→ **Task prompt**
Copy the data word for word, keeping every line.

→ **Given records**
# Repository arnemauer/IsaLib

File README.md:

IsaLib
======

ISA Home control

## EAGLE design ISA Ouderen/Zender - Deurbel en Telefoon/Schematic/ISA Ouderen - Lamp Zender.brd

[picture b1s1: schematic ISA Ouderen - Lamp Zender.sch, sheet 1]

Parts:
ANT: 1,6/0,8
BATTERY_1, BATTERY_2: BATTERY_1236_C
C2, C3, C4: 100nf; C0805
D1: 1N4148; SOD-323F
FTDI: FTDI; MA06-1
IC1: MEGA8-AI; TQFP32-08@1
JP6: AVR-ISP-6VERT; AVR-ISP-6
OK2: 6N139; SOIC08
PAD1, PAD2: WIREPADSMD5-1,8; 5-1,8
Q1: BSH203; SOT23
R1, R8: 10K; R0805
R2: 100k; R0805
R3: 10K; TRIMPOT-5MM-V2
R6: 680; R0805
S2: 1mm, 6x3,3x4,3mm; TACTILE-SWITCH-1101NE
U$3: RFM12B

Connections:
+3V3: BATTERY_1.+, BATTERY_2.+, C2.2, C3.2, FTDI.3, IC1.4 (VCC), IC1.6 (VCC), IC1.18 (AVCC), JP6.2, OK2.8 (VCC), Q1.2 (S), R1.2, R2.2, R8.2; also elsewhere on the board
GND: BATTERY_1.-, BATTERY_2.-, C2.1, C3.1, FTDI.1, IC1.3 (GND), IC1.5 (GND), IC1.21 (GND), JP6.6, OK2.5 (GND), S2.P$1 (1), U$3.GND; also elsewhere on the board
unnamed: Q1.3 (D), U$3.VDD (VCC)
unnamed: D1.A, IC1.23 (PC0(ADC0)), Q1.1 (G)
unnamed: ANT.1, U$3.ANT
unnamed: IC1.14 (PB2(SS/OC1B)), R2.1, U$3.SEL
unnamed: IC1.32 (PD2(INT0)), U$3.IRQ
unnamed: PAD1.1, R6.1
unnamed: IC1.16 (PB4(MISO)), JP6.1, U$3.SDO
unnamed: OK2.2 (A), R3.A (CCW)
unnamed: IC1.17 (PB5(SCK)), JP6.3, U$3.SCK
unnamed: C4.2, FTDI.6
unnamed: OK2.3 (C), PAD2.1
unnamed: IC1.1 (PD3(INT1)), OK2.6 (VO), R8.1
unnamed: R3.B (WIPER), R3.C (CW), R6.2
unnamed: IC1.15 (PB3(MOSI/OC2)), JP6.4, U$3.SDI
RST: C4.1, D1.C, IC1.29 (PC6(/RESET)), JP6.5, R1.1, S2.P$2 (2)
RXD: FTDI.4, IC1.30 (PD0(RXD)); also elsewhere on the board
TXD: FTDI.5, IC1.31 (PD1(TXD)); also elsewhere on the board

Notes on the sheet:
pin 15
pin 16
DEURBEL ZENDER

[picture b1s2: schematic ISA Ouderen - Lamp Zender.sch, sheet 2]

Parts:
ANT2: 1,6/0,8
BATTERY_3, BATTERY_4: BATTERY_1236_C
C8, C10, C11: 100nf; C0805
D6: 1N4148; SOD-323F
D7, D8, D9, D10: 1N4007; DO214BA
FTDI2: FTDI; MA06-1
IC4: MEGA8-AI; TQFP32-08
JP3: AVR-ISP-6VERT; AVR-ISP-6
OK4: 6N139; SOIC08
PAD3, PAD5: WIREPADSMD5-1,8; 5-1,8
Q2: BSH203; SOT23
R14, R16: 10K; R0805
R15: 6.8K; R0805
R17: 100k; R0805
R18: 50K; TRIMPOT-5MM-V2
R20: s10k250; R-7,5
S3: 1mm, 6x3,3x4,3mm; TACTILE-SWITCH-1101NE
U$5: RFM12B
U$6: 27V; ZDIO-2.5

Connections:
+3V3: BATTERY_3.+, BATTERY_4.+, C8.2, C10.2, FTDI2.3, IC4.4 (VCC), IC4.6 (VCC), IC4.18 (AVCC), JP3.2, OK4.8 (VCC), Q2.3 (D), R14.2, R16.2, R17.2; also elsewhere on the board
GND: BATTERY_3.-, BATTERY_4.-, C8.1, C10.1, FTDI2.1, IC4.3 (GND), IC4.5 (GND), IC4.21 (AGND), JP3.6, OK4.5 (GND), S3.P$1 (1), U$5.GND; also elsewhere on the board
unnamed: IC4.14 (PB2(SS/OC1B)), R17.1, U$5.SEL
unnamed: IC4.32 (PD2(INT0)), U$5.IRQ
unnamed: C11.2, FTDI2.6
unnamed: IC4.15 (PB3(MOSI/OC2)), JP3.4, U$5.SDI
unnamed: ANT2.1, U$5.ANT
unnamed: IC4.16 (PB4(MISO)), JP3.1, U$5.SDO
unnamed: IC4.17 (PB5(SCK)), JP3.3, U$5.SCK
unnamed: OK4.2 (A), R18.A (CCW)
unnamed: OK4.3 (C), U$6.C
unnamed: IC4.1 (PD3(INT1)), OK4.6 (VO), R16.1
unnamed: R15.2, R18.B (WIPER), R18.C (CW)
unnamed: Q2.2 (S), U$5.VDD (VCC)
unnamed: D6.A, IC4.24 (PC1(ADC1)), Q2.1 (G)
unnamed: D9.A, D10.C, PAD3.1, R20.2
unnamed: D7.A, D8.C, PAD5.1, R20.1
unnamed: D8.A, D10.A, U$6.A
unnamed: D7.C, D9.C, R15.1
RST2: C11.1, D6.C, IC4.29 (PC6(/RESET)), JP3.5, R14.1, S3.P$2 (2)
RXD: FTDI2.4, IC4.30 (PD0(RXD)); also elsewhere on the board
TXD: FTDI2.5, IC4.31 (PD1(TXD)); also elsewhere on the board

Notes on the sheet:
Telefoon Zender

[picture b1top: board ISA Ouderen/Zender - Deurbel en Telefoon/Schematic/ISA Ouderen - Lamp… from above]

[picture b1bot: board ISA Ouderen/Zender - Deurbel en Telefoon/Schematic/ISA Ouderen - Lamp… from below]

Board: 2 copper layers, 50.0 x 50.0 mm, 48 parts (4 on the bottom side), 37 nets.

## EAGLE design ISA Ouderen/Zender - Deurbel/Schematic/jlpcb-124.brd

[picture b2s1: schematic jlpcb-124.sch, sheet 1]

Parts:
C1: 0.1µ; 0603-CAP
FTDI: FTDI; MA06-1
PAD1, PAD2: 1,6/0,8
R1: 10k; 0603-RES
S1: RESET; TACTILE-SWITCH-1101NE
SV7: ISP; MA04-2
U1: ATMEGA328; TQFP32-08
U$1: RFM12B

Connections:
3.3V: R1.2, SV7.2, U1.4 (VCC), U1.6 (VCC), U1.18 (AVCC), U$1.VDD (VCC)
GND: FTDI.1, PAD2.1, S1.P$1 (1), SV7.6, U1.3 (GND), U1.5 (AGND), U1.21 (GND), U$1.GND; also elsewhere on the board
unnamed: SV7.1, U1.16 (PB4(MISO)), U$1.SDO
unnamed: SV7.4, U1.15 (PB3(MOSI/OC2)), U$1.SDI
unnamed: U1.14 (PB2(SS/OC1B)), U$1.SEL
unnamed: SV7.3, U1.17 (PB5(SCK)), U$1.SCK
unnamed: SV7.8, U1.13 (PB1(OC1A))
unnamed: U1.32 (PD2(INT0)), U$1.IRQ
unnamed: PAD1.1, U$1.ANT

→ **Final answer**
# Repository arnemauer/IsaLib

File README.md:

IsaLib
======

ISA Home control

## EAGLE design ISA Ouderen/Zender - Deurbel en Telefoon/Schematic/ISA Ouderen - Lamp Zender.brd

[picture b1s1: schematic ISA Ouderen - Lamp Zender.sch, sheet 1]

Parts:
ANT: 1,6/0,8
BATTERY_1, BATTERY_2: BATTERY_1236_C
C2, C3, C4: 100nf; C0805
D1: 1N4148; SOD-323F
FTDI: FTDI; MA06-1
IC1: MEGA8-AI; TQFP32-08@1
JP6: AVR-ISP-6VERT; AVR-ISP-6
OK2: 6N139; SOIC08
PAD1, PAD2: WIREPADSMD5-1,8; 5-1,8
Q1: BSH203; SOT23
R1, R8: 10K; R0805
R2: 100k; R0805
R3: 10K; TRIMPOT-5MM-V2
R6: 680; R0805
S2: 1mm, 6x3,3x4,3mm; TACTILE-SWITCH-1101NE
U$3: RFM12B

Connections:
+3V3: BATTERY_1.+, BATTERY_2.+, C2.2, C3.2, FTDI.3, IC1.4 (VCC), IC1.6 (VCC), IC1.18 (AVCC), JP6.2, OK2.8 (VCC), Q1.2 (S), R1.2, R2.2, R8.2; also elsewhere on the board
GND: BATTERY_1.-, BATTERY_2.-, C2.1, C3.1, FTDI.1, IC1.3 (GND), IC1.5 (GND), IC1.21 (GND), JP6.6, OK2.5 (GND), S2.P$1 (1), U$3.GND; also elsewhere on the board
unnamed: Q1.3 (D), U$3.VDD (VCC)
unnamed: D1.A, IC1.23 (PC0(ADC0)), Q1.1 (G)
unnamed: ANT.1, U$3.ANT
unnamed: IC1.14 (PB2(SS/OC1B)), R2.1, U$3.SEL
unnamed: IC1.32 (PD2(INT0)), U$3.IRQ
unnamed: PAD1.1, R6.1
unnamed: IC1.16 (PB4(MISO)), JP6.1, U$3.SDO
unnamed: OK2.2 (A), R3.A (CCW)
unnamed: IC1.17 (PB5(SCK)), JP6.3, U$3.SCK
unnamed: C4.2, FTDI.6
unnamed: OK2.3 (C), PAD2.1
unnamed: IC1.1 (PD3(INT1)), OK2.6 (VO), R8.1
unnamed: R3.B (WIPER), R3.C (CW), R6.2
unnamed: IC1.15 (PB3(MOSI/OC2)), JP6.4, U$3.SDI
RST: C4.1, D1.C, IC1.29 (PC6(/RESET)), JP6.5, R1.1, S2.P$2 (2)
RXD: FTDI.4, IC1.30 (PD0(RXD)); also elsewhere on the board
TXD: FTDI.5, IC1.31 (PD1(TXD)); also elsewhere on the board

Notes on the sheet:
pin 15
pin 16
DEURBEL ZENDER

[picture b1s2: schematic ISA Ouderen - Lamp Zender.sch, sheet 2]

Parts:
ANT2: 1,6/0,8
BATTERY_3, BATTERY_4: BATTERY_1236_C
C8, C10, C11: 100nf; C0805
D6: 1N4148; SOD-323F
D7, D8, D9, D10: 1N4007; DO214BA
FTDI2: FTDI; MA06-1
IC4: MEGA8-AI; TQFP32-08
JP3: AVR-ISP-6VERT; AVR-ISP-6
OK4: 6N139; SOIC08
PAD3, PAD5: WIREPADSMD5-1,8; 5-1,8
Q2: BSH203; SOT23
R14, R16: 10K; R0805
R15: 6.8K; R0805
R17: 100k; R0805
R18: 50K; TRIMPOT-5MM-V2
R20: s10k250; R-7,5
S3: 1mm, 6x3,3x4,3mm; TACTILE-SWITCH-1101NE
U$5: RFM12B
U$6: 27V; ZDIO-2.5

Connections:
+3V3: BATTERY_3.+, BATTERY_4.+, C8.2, C10.2, FTDI2.3, IC4.4 (VCC), IC4.6 (VCC), IC4.18 (AVCC), JP3.2, OK4.8 (VCC), Q2.3 (D), R14.2, R16.2, R17.2; also elsewhere on the board
GND: BATTERY_3.-, BATTERY_4.-, C8.1, C10.1, FTDI2.1, IC4.3 (GND), IC4.5 (GND), IC4.21 (AGND), JP3.6, OK4.5 (GND), S3.P$1 (1), U$5.GND; also elsewhere on the board
unnamed: IC4.14 (PB2(SS/OC1B)), R17.1, U$5.SEL
unnamed: IC4.32 (PD2(INT0)), U$5.IRQ
unnamed: C11.2, FTDI2.6
unnamed: IC4.15 (PB3(MOSI/OC2)), JP3.4, U$5.SDI
unnamed: ANT2.1, U$5.ANT
unnamed: IC4.16 (PB4(MISO)), JP3.1, U$5.SDO
unnamed: IC4.17 (PB5(SCK)), JP3.3, U$5.SCK
unnamed: OK4.2 (A), R18.A (CCW)
unnamed: OK4.3 (C), U$6.C
unnamed: IC4.1 (PD3(INT1)), OK4.6 (VO), R16.1
unnamed: R15.2, R18.B (WIPER), R18.C (CW)
unnamed: Q2.2 (S), U$5.VDD (VCC)
unnamed: D6.A, IC4.24 (PC1(ADC1)), Q2.1 (G)
unnamed: D9.A, D10.C, PAD3.1, R20.2
unnamed: D7.A, D8.C, PAD5.1, R20.1
unnamed: D8.A, D10.A, U$6.A
unnamed: D7.C, D9.C, R15.1
RST2: C11.1, D6.C, IC4.29 (PC6(/RESET)), JP3.5, R14.1, S3.P$2 (2)
RXD: FTDI2.4, IC4.30 (PD0(RXD)); also elsewhere on the board
TXD: FTDI2.5, IC4.31 (PD1(TXD)); also elsewhere on the board

Notes on the sheet:
Telefoon Zender

[picture b1top: board ISA Ouderen/Zender - Deurbel en Telefoon/Schematic/ISA Ouderen - Lamp… from above]

[picture b1bot: board ISA Ouderen/Zender - Deurbel en Telefoon/Schematic/ISA Ouderen - Lamp… from below]

Board: 2 copper layers, 50.0 x 50.0 mm, 48 parts (4 on the bottom side), 37 nets.

## EAGLE design ISA Ouderen/Zender - Deurbel/Schematic/jlpcb-124.brd

[picture b2s1: schematic jlpcb-124.sch, sheet 1]

Parts:
C1: 0.1µ; 0603-CAP
FTDI: FTDI; MA06-1
PAD1, PAD2: 1,6/0,8
R1: 10k; 0603-RES
S1: RESET; TACTILE-SWITCH-1101NE
SV7: ISP; MA04-2
U1: ATMEGA328; TQFP32-08
U$1: RFM12B

Connections:
3.3V: R1.2, SV7.2, U1.4 (VCC), U1.6 (VCC), U1.18 (AVCC), U$1.VDD (VCC)
GND: FTDI.1, PAD2.1, S1.P$1 (1), SV7.6, U1.3 (GND), U1.5 (AGND), U1.21 (GND), U$1.GND; also elsewhere on the board
unnamed: SV7.1, U1.16 (PB4(MISO)), U$1.SDO
unnamed: SV7.4, U1.15 (PB3(MOSI/OC2)), U$1.SDI
unnamed: U1.14 (PB2(SS/OC1B)), U$1.SEL
unnamed: SV7.3, U1.17 (PB5(SCK)), U$1.SCK
unnamed: SV7.8, U1.13 (PB1(OC1A))
unnamed: U1.32 (PD2(INT0)), U$1.IRQ
unnamed: PAD1.1, U$1.ANT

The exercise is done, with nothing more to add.